Exercise brief ▸
Review the listing and copy each line that holds the word "drawing".

Available records ▸
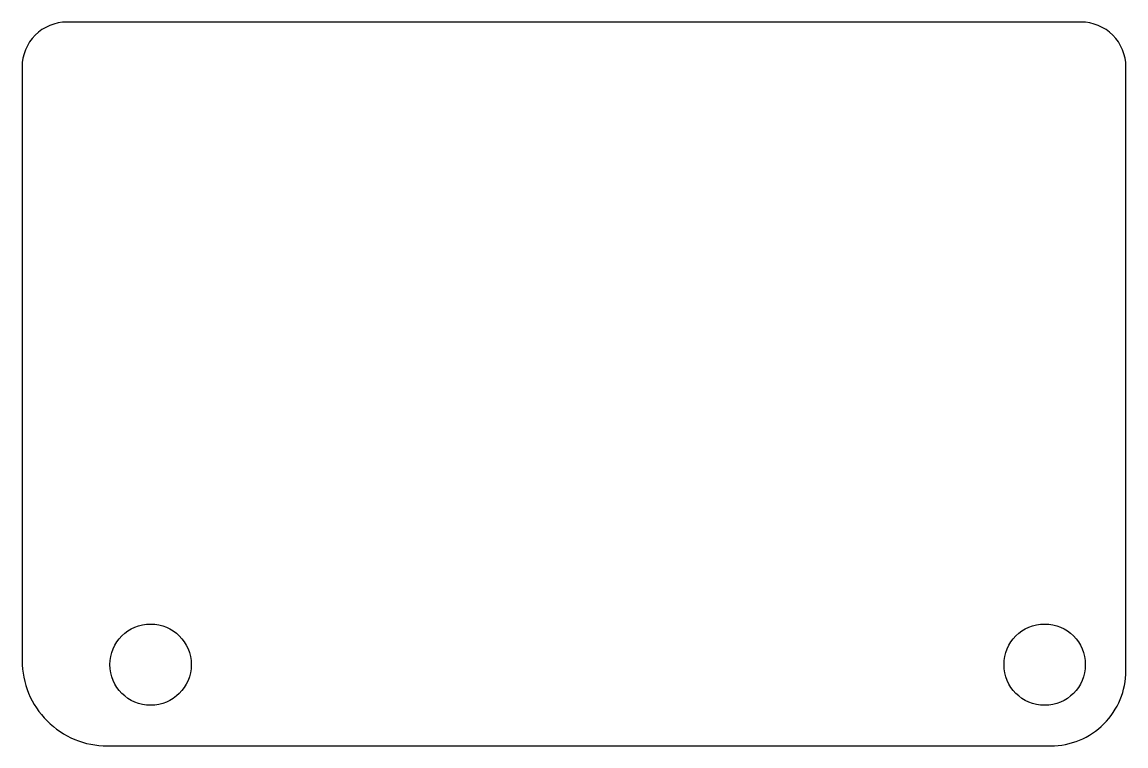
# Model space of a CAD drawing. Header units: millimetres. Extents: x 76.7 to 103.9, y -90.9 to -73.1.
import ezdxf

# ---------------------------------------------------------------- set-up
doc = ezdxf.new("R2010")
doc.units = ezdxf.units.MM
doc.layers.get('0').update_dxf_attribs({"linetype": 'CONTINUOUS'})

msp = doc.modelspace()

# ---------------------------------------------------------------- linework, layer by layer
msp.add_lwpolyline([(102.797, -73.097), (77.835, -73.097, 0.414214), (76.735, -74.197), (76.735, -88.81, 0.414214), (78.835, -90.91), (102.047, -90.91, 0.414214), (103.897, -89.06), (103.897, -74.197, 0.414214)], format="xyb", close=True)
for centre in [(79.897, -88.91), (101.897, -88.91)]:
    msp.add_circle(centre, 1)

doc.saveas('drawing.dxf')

Written solution ▸
# Model space of a CAD drawing. Header units: millimetres. Extents: x 76.7 to 103.9, y -90.9 to -73.1.
doc.saveas('drawing.dxf')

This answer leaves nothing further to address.